Baker recalled that Griffin Jr. also was an accomplished cellist.
Christina White Griffin was well-known in Kalispell in her own right. In 1938 a two-page advertisement in the Inter Lake for the new Grizzly Park Service Station took special note that Mrs. Christina Griffin, “well-known Negro maid in Kalispell, will be in attendance in the lounge during the busiest travel hours of the day.” The swanky service station, billed as Montana’s finest, had a separate lounge for women.

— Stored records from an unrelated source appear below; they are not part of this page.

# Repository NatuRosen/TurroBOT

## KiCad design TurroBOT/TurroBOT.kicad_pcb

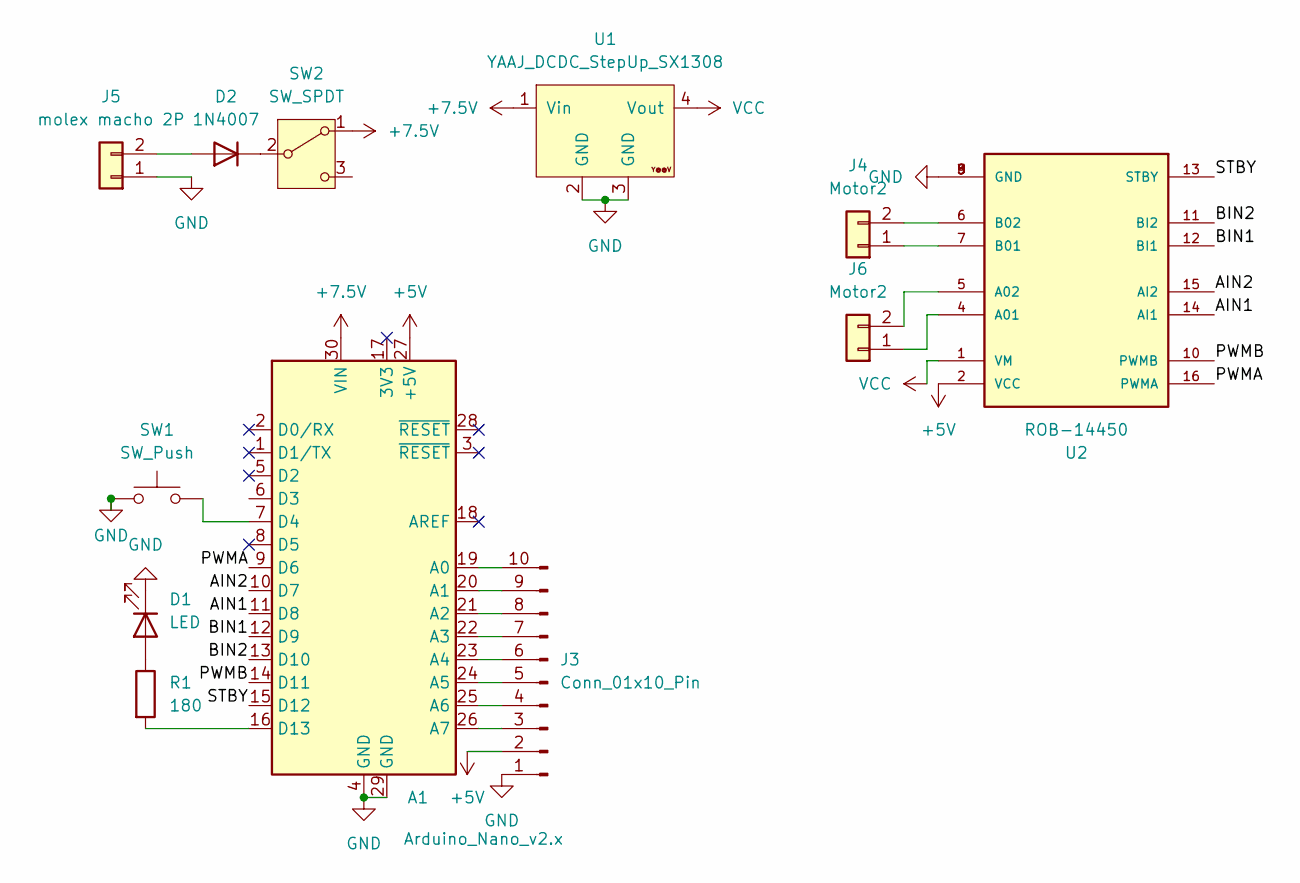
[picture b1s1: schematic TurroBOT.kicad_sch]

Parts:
A1: Arduino_Nano_v2.x; Arduino_Nano
D1: LED; LED_D3.0mm
D2: 1N4007; D_DO-41_SOD81_P10.16mm_Horizontal
J3: Conn_01x10_Pin; PinHeader_1x10_P2.00mm_Vertical
J4, J6: Motor2; Molex_KK-254_AE-6410-02A_1x02_P2.54mm_Vertical
J5: molex macho 2P; Molex_KK-254_AE-6410-02A_1x02_P2.54mm_Vertical
R1: 180; R_1206_3216Metric
SW1: SW_Push; SW_PUSH_6mm
SW2: SW_SPDT; SW_Slide_SPDT_Straight_CK_OS102011MS2Q
U1: YAAJ_DCDC_StepUp_SX1308
U2: ROB-14450; MODULE_ROB-14450; PARTREV 11-13-17

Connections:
+5V: A1.27 (+5V), J3.2, U2.2 (VCC)
+7.5V: A1.30 (VIN), SW2.1 (A), U1.1 (Vin)
/AIN1: A1.11 (D8), U2.14 (AI1)
/AIN2: A1.10 (D7), U2.15 (AI2)
/BIN1: A1.12 (D9), U2.12 (BI1)
/BIN2: A1.13 (D10), U2.11 (BI2)
/PWMA: A1.9 (D6), U2.16 (PWMA)
/PWMB: A1.14 (D11), U2.10 (PWMB)
/STBY: A1.15 (D12), U2.13 (STBY)
GND: A1.4 (GND), A1.29 (GND), D1.1 (K), J3.1, J5.1, SW1.1, U1.2 (GND), U1.3 (GND), U2.3 (GND), U2.8 (GND), U2.9 (GND)
unnamed: A1.19 (A0), J3.10
unnamed: A1.20 (A1), J3.9
unnamed: A1.21 (A2), J3.8
unnamed: A1.22 (A3), J3.7
unnamed: A1.23 (A4), J3.6
unnamed: A1.24 (A5), J3.5
unnamed: A1.25 (A6), J3.4
unnamed: A1.26 (A7), J3.3
unnamed: A1.7 (D4), SW1.2
unnamed: A1.16 (D13), R1.2
unnamed: D1.2 (A), R1.1
unnamed: D2.2 (A), J5.2
unnamed: D2.1 (K), SW2.2 (B)
unnamed: J4.1, U2.7 (B01)
unnamed: J4.2, U2.6 (B02)
unnamed: J6.1, U2.4 (A01)
unnamed: J6.2, U2.5 (A02)
VCC: U1.4 (Vout), U2.1 (VM)

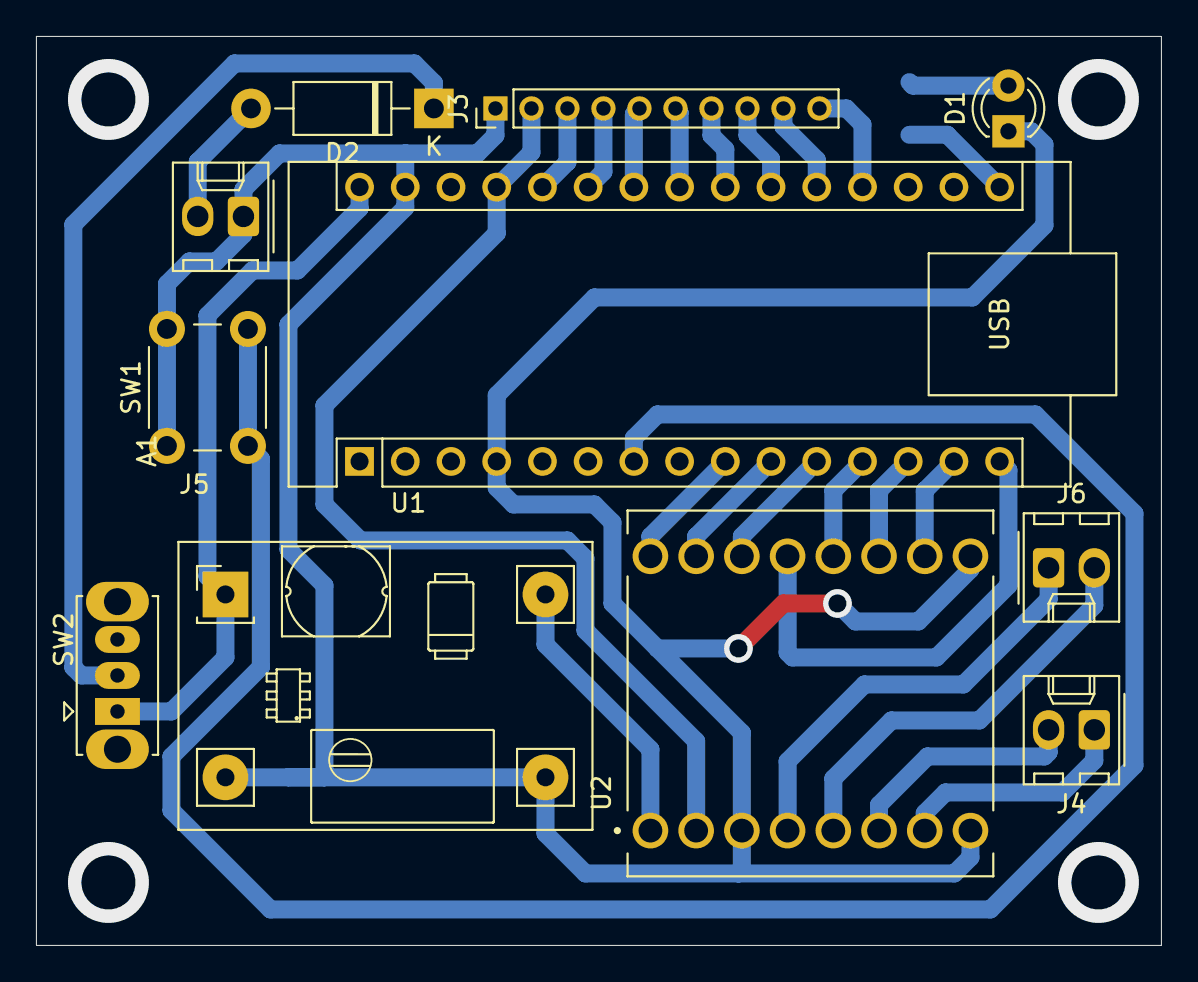
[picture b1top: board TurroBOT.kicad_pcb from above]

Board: 2 copper layers, 62.5 x 50.5 mm, 12 parts (1 on the bottom side), 28 nets.

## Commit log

2024-12-05 esq terminado
2024-12-05 casi todas las footprints cargadas
2024-12-05 falta solo footprint del switch
2024-12-06 todo listo
2024-12-06 lista la placa, step y pdf
2024-12-06 arreglado detallito del esq

If there were incidents of overt racial prejudice against the Flathead’s black community — and there were plenty along the way, according to black children who were raised in Kalispell — there were no reports of such behavior in the Inter Lake archives. Sylvester Douglas Thompson, born and raised in Kalispell, said he endured a lot of name-calling as a child here. Cora Gibbs said she and her brother Roger also endured name-calling because they were black, even though their father, Howard Gibbs, was a well-respected Kalispell businessman.
There also was plenty of acceptance of the black community in the Flathead, however, Cora Gibbs noted.
“Kalispell was pretty progressive,” she said. “It was an interesting pocket of where [black] people were accepted … I think [the racial prejudice] is worse when you’re a kid.”